Yo no les voy a contar un chiste,
pero sí me atrevo a ofrecer un consejo: fluyan, fluyan sobre todo cuando
conversen con la gente. Creo que en esto tienen algo de razón los fachas,
y no me importa dársela: empieza a resultar muy viscoso emitir opiniones.
No se engañen, no me refiero a todas esas idioteces de que no se puede silbar a
las mozas, reírse de chanzas machistas o poner eufemismos a las minorías. Me
refiero a la dificultad para decir nada contra nadie.

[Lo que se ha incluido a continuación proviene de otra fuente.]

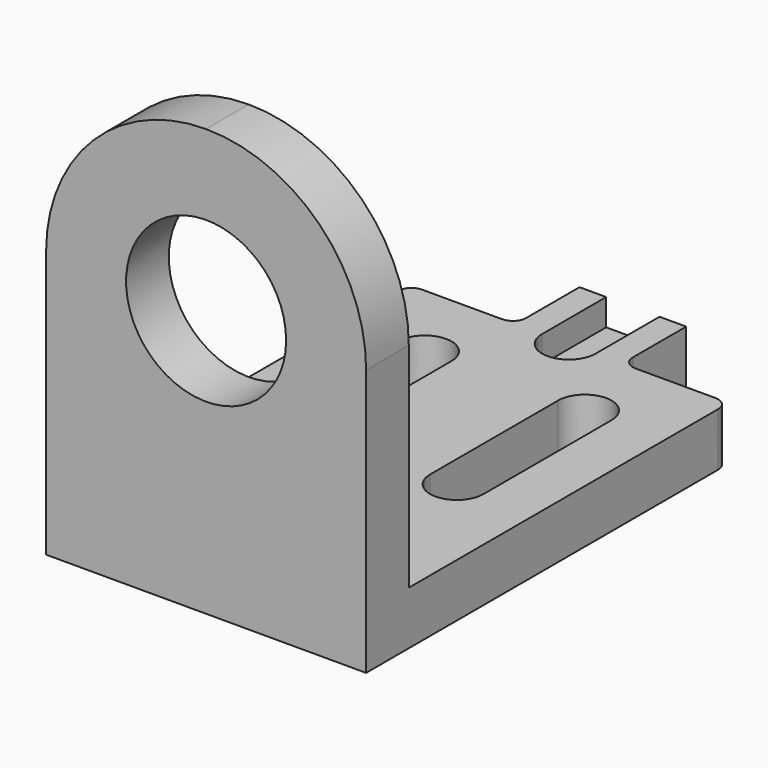
from build123d import *

# Parameters (mm, degrees)
F1_DEPTH = 25.4
F0_W     = 12.7
F0_H     = 31.75
F2_DEPTH = 25.4
F4_DEPTH = 12.7
F6_R     = 38.1
F7_DEPTH = 25.4
F8_DEPTH = 12.7


# Not quite as in the source:
# - a feature names something its author has since deleted; it is built from what else it names


with BuildPart() as f1:
    # F0 (on Top) → F1 (new body)
    with BuildSketch(Plane.XY):
        with BuildLine():
            Line((-76.2, 209.55), (-76.2, 0))
            Line((-76.2, 0), (76.2, 0))
            Line((76.2, 0), (76.2, 209.55))
            ThreePointArc((76.2, 209.55), (74.3401280605, 214.0401280605), (69.85, 215.9))
            Line((69.85, 215.9), (31.75, 215.9))
            ThreePointArc((31.75, 215.9), (27.2598719395, 217.7598719395), (25.4, 222.25))
            Line((25.4, 222.25), (12.7, 222.25))
            Line((12.7, 222.25), (12.7, 215.9))
            ThreePointArc((12.7, 215.9), (0, 203.2), (-12.7, 215.9))
            Line((-12.7, 215.9), (-12.7, 222.25))
            Line((-12.7, 222.25), (-25.4, 222.25))
            ThreePointArc((-25.4, 222.25), (-27.2598719395, 217.7598719395), (-31.75, 215.9))
            Line((-31.75, 215.9), (-69.85, 215.9))
            ThreePointArc((-69.85, 215.9), (-74.3401280605, 214.0401280605), (-76.2, 209.55))
        make_face()
        with BuildLine():
            Line((-50.8, 101.6), (-50.8, 177.8))
            ThreePointArc((-50.8, 177.8), (-38.1, 190.5), (-25.4, 177.8))
            Line((-25.4, 177.8), (-25.4, 101.6))
            ThreePointArc((-25.4, 101.6), (-38.1, 88.9), (-50.8, 101.6))
        make_face(mode=Mode.SUBTRACT)
        with BuildLine():
            Line((25.4, 101.6), (25.4, 177.8))
            ThreePointArc((25.4, 177.8), (38.1, 190.5), (50.8, 177.8))
            Line((50.8, 177.8), (50.8, 101.6))
            ThreePointArc((50.8, 101.6), (38.1, 88.9), (25.4, 101.6))
        make_face(mode=Mode.SUBTRACT)
    extrude(amount=F1_DEPTH)

    # F0 (on Top) → F2 (join)
    with BuildSketch(Plane.XY):
        with Locations((-19.05, 238.125)):
            Rectangle(F0_W, F0_H)
        with Locations((19.05, 238.125)):
            Rectangle(F0_W, F0_H)
    extrude(amount=F2_DEPTH)

    # F3 (on Right) → F4 (join, symmetric)
    with BuildSketch(Plane.YZ):
        Polygon((25.4, 76.2), (25.4, 25.4), (63.5, 25.4), align=None)
    extrude(amount=F4_DEPTH, both=True)

    # F6 (on Front) → F7 (join)
    with BuildSketch(Plane.XZ):
        with BuildLine():
            Line((-76.2, 25.4), (76.2, 25.4))
            Line((76.2, 25.4), (76.2, 127))
            ThreePointArc((76.2, 127), (53.8815367264, 180.8815367264), (0, 203.2))
            ThreePointArc((0, 203.2), (-53.8815367264, 180.8815367264), (-76.2, 127))
            Line((-76.2, 127), (-76.2, 25.4))
        make_face()
        with Locations((0, 127)):
            Circle(F6_R, mode=Mode.SUBTRACT)
    extrude(amount=-F7_DEPTH)

    # F0 (on Top) → F8 (join)
    with BuildSketch(Plane.XY):
        with BuildLine():
            Line((-12.7, 254), (-12.7, 222.25))
            Line((-12.7, 222.25), (-12.7, 215.9))
            ThreePointArc((-12.7, 215.9), (0, 203.2), (12.7, 215.9))
            Line((12.7, 215.9), (12.7, 222.25))
            Line((12.7, 222.25), (12.7, 254))
            Line((12.7, 254), (-12.7, 254))
        make_face()
    extrude(amount=F8_DEPTH)


solid = f1.part
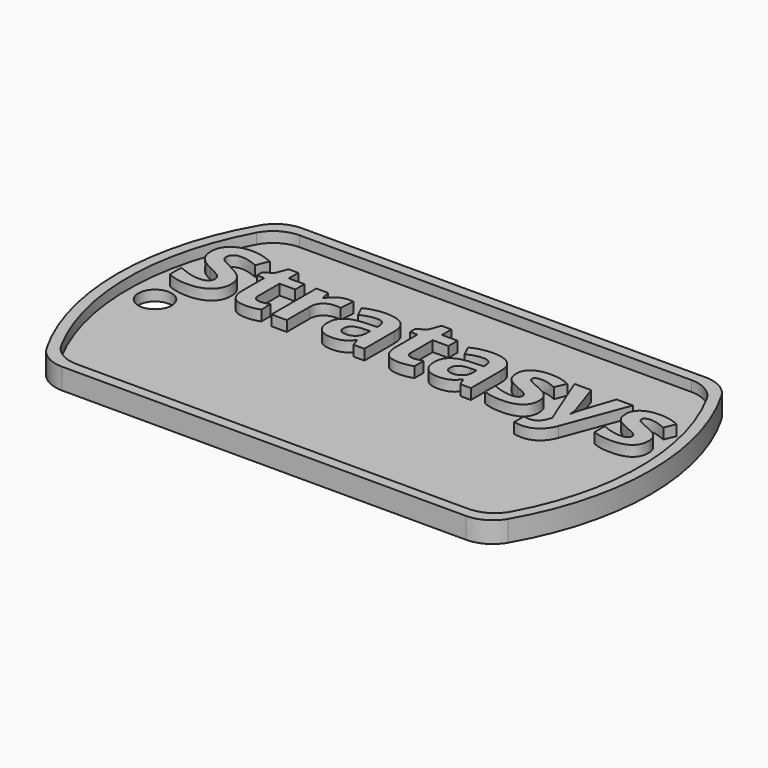
from build123d import *

# Parameters (mm, degrees)
F1_DEPTH     = 1
F3_DEPTH     = 1
F4_R         = 1.5875
F5_DEPTH     = 1
F6_TEXT_SIZE = 9.780972808
F7_DEPTH     = 1


# Not quite as in the source:
# - Text() gives the source's letters only with a copy of the font that has no kerning and outlines rounded to 1/6400 em; it was checked with that copy


with BuildPart() as f1:
    # F0 (on Top) → F1 (new body)
    with BuildSketch(Plane.XY):
        with BuildLine():
            ThreePointArc((-19.2474145991, 14.2875), (-20.8349145991, 13.862130657), (-21.9970452561, 12.7))
            ThreePointArc((-21.9970452561, 12.7), (-25.4, 0), (-21.9970452561, -12.7))
            ThreePointArc((-21.9970452561, -12.7), (-20.8349145991, -13.862130657), (-19.2474145991, -14.2875))
            Line((-19.2474145991, -14.2875), (19.2474145991, -14.2875))
            ThreePointArc((19.2474145991, -14.2875), (20.8349145991, -13.862130657), (21.9970452561, -12.7))
            ThreePointArc((21.9970452561, -12.7), (25.4, 0), (21.9970452561, 12.7))
            ThreePointArc((21.9970452561, 12.7), (20.8349145991, 13.862130657), (19.2474145991, 14.2875))
            Line((19.2474145991, 14.2875), (-19.2474145991, 14.2875))
        make_face()
    extrude(amount=F1_DEPTH)

    # F2 (on face) → F3 (join)
    with BuildSketch(Plane.XY.offset(1)):
        with BuildLine():
            Line((19.2474145991, 14.2875), (-19.2474145991, 14.2875))
            ThreePointArc((-19.2474145991, 14.2875), (-20.8349145991, 13.862130657), (-21.9970452561, 12.7))
            ThreePointArc((-21.9970452561, 12.7), (-25.4, 0), (-21.9970452561, -12.7))
            ThreePointArc((-21.9970452561, -12.7), (-20.8349145991, -13.862130657), (-19.2474145991, -14.2875))
            Line((-19.2474145991, -14.2875), (19.2474145991, -14.2875))
            ThreePointArc((19.2474145991, -14.2875), (20.8349145991, -13.862130657), (21.9970452561, -12.7))
            ThreePointArc((21.9970452561, -12.7), (25.4, 0), (21.9970452561, 12.7))
            ThreePointArc((21.9970452561, 12.7), (20.8349145991, 13.862130657), (19.2474145991, 14.2875))
        make_face()
        with BuildLine():
            ThreePointArc((-21.4526124879, 11.6252061249), (-20.2856017842, 12.8404540819), (-18.6611352482, 13.2875))
            Line((-18.6611352482, 13.2875), (18.6611352482, 13.2875))
            ThreePointArc((18.6611352482, 13.2875), (20.2856017842, 12.8404540819), (21.4526124879, 11.6252061249))
            ThreePointArc((21.4526124879, 11.6252061249), (24.4, 0), (21.4526124879, -11.6252061249))
            ThreePointArc((21.4526124879, -11.6252061249), (20.2856017842, -12.8404540819), (18.6611352482, -13.2875))
            Line((18.6611352482, -13.2875), (-18.6611352482, -13.2875))
            ThreePointArc((-18.6611352482, -13.2875), (-20.2856017842, -12.8404540819), (-21.4526124879, -11.6252061249))
            ThreePointArc((-21.4526124879, -11.6252061249), (-24.4, 0), (-21.4526124879, 11.6252061249))
        make_face(mode=Mode.SUBTRACT)
    extrude(amount=F3_DEPTH)

    # F4 (on face) → F5 (cut)
    with BuildSketch(Plane.XY.offset(1)):
        with Locations((-21.821282804, 0)):
            Circle(F4_R)
    extrude(amount=-F5_DEPTH, mode=Mode.SUBTRACT)

    # F6 (on face) → F7 (join)
    with BuildSketch(Plane.XY.offset(1)):
        with Locations((-22.7375791874, 2.0266924985)):
            Text('Stratasys', F6_TEXT_SIZE, font='Open Sans', font_style=FontStyle.BOLD, text_align=(TextAlign.LEFT, TextAlign.BOTTOM))
    extrude(amount=F7_DEPTH)


solid = f1.part

Recientemente lo comprobé mientras platicaba
relajadamente con mis queridas hermanas sobre un caso muy comentado esta semana
en prensa en el que aparecen mujeres, homosexuales y personas de color. Me
limité a contar el caso y emitir una opinión muy moderada. Cuando una de mis
hermanas –tengo muchas, seis para ser exacto– no me afeaba por una cosa, lo
hacía por lo contrario. A continuación, lo hacían entre ellas, y cuando a una
no le sonaba mal algo por cuestión racial, le molestaba por homofobia o por
sexismo. Afortunadamente no aparecían enfermos de ELA ni personas no binarias
ni gitanos ni disminuidos psíquicos. Lo que sé es que al final no llegamos a
ninguna conclusión, pues el esfuerzo higiénico de no ofender a nadie termina
esclerotizando cualquier intercambio de ideas.
Se dice que este es un problema de la
izquierda, y desde luego es muy útil para la derecha –especialmente la más
extrema– porque le da muchos votos. Pero yo creo que estamos ante una lógica
que atraviesa el conjunto de la trama social y que responde a un estado
general de desorientación sobreinformada.
El resultado es la incomunicación
y el bloqueo mental. Ese bloqueo produce precisamente el efecto contrario
al que supuestamente persiguen los sumisos a esta ridícula paranoia de la
higiene discursiva: nos olvidamos de Trump, de Gaza, de la desigualdad, de los
especuladores, de los que venden armas y de la catástrofe ecológica.
Quizá el armagedón sea inevitable, pero quizá también la impotencia política que nos llena de miedo y nos paraliza sea en parte culpa nuestra. Fluyan en 2025, por Dios.